As described in the chapter Hide datasets, SmartSearch Connect offers the possibility to exclude datasets from the index by means of a flag. If this flag is added only after the first generation with a default value, then this takes effect only after the first changes to the affected datasets. If there are already many records it is recommended to edit them by script.
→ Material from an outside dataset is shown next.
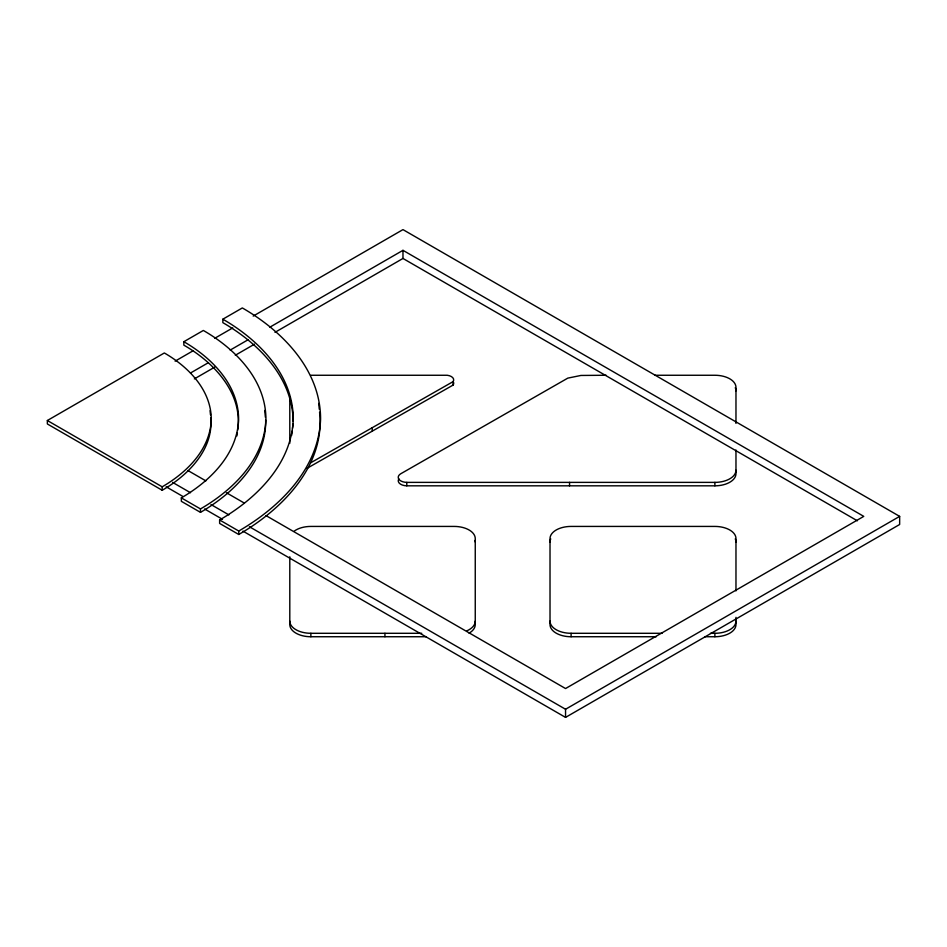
<?xml version="1.0" encoding="UTF-8"?>
<svg xmlns="http://www.w3.org/2000/svg" width="947" height="947" viewBox="0 0 947 947"><rect width="100%" height="100%" fill="white"/><g stroke="black" fill="none" stroke-linecap="round" stroke-linejoin="round"><path stroke-width="1.42" d="M236.928 435.916L237.306 433.028M237.673 430.151C243.142 393.183 213.691 362.121 183.848 345.158L183.848 341.713L203.345 330.456C235.483 348.946 265.953 379.936 265.929 419.343C264.497 459.319 233.092 490.013 200.48 508.93L200.48 512.363L181.339 501.318L181.339 497.873C209.867 481.325 237.354 454.465 238.608 419.497C238.632 385.015 211.962 357.895 183.848 341.713M291.593 435.478L292.15 431.205M292.516 428.352L293.073 424.067M162.197 490.262L162.197 486.817C186.654 472.636 210.21 449.612 211.288 419.639C211.299 390.081 188.441 366.844 164.34 352.971L47.35 420.515L47.35 423.96L162.197 490.262C187.885 475.453 213.821 449.612 210.755 417.591M200.48 512.363C233.637 493.127 266.438 461.071 265.669 420.042M219.621 519.974C256.306 498.69 291.64 464.16 293.262 419.201C293.286 374.87 258.993 339.997 222.841 319.198L242.337 307.941C282.514 331.059 320.607 369.792 320.583 419.059C318.784 469.014 279.519 507.379 238.762 531.03L238.762 534.475L219.621 523.419L219.621 519.974L238.762 531.03M238.762 534.475C281.886 509.664 325.448 465.96 319.577 412.205M175.124 361.162L193.046 350.816M214.803 338.257L232.725 327.911M253.204 316.085L402.972 229.612L899.65 516.375L899.65 524.496L565.548 717.388L242.965 531.137M190.513 373L208.435 362.654M230.192 350.094L248.102 339.748M269.859 327.177L402.972 250.328L863.771 516.375L565.548 688.54L266.036 515.618M194.348 378.907L214.827 367.081M235.306 355.255L254.506 344.175M274.985 332.35L402.972 258.46L857.366 520.803M249.369 526.71L565.548 709.256L899.65 516.375M310.723 462.775L453.068 381.641A8.097 4.676 0 0 0 447.233 375.261L310.876 375.261M306.875 468.41L453.068 385.086A8.097 4.676 0 0 0 453.234 381.736M606.139 375.261L580.913 375.45L567.809 378.125L400.676 473.808A8.772 5.066 0 0 0 398.888 479.241A8.772 5.066 0 0 0 406.784 482.378L714.89 482.378A21.083 12.169 0 0 0 735.973 470.209M654.637 375.261L714.89 375.261A21.083 12.169 0 0 1 735.973 387.43L735.973 423.392M398.853 478.886A8.772 5.066 0 0 0 406.784 485.823L714.89 485.823A21.083 12.169 0 0 0 735.973 473.654L735.973 450.003M289.794 621.125A21.083 12.169 0 0 0 310.876 633.294L421.758 633.294M550.018 621.125A21.083 12.169 0 0 0 571.1 633.294L662.071 633.294M710.487 633.294L714.89 633.294A21.083 12.169 0 0 0 735.973 621.125M289.794 556.777L289.794 624.57A21.083 12.169 0 0 0 310.876 636.739L426.186 636.739M735.973 590.881L735.973 538.594A21.083 12.169 0 0 0 714.89 526.425L571.1 526.425A21.083 12.169 0 0 0 550.018 538.594L550.018 624.57A21.083 12.169 0 0 0 571.1 636.739L656.2 636.739M704.627 636.739L714.89 636.739A21.083 12.169 0 0 0 735.973 624.57L735.973 617.361M187.956 470.541L205.878 480.887M226.357 492.712L244.279 503.058M172.567 482.366L190.489 492.712M210.968 504.538L228.89 514.884M166.163 486.794L182.807 496.406M204.564 508.965L222.486 519.311M47.35 420.515L162.197 486.817M181.339 497.873L200.48 508.93M318.713 403.386L319.293 409.27M293.12 421.214C292.694 377.439 258.495 343.264 222.841 322.643L222.841 319.198M264.734 410.442L265.397 417.307M210.08 410.738L210.483 414.845M714.89 482.378L714.89 485.823M714.89 633.294L714.89 636.739M571.1 633.294L571.1 636.739M569.549 482.378L569.549 485.823M565.548 709.256L565.548 717.388M453.068 381.641L453.068 385.086M406.784 482.378L406.784 485.823M402.972 250.328L402.972 258.46M384.944 633.294L384.944 636.739M372.23 427.736L372.23 431.181M310.876 633.294L310.876 636.739M289.794 396.698L289.794 443.267M294.15 531.184A21.083 12.169 0 0 1 310.876 526.425L454.169 526.425A21.083 12.169 0 0 1 475.252 538.594L475.252 624.57A21.083 12.169 0 0 1 469.073 633.176M735.263 387.725A21.083 12.169 0 0 1 735.973 390.874M550.018 542.039A21.083 12.169 0 0 1 550.74 538.89M735.263 538.89A21.083 12.169 0 0 1 735.973 542.039M475.074 540.453A21.083 12.169 0 0 1 475.252 542.039M475.252 621.125A21.083 12.169 0 0 1 467.001 630.785"/></g></svg>

SmartSearch Connect is a product of e-Spirit AG, Dortmund, Germany. Only a license agreed upon with e-Spirit AG is valid with respect to the user for using the module. Only a license agreed upon with e-Spirit AG is valid for using the module.

10. Help

The Technical Support of the e-Spirit AG provides expert technical support covering any topic related to the FirstSpirit™ product. You can get and find more help concerning relevant topics in our community.

11. Disclaimer

This document is provided for information purposes only. e-Spirit may change the contents hereof without notice. This document is not warranted to be error-free, nor subject to any other warranties or conditions, whether expressed orally or implied in law, including implied warranties and conditions of merchantability or fitness for a particular purpose. e-Spirit specifically disclaims any liability with respect to this document and no contractual obligations are formed either directly or indirectly by this document. The technologies, functionality, services, and processes described herein are subject to change without notice.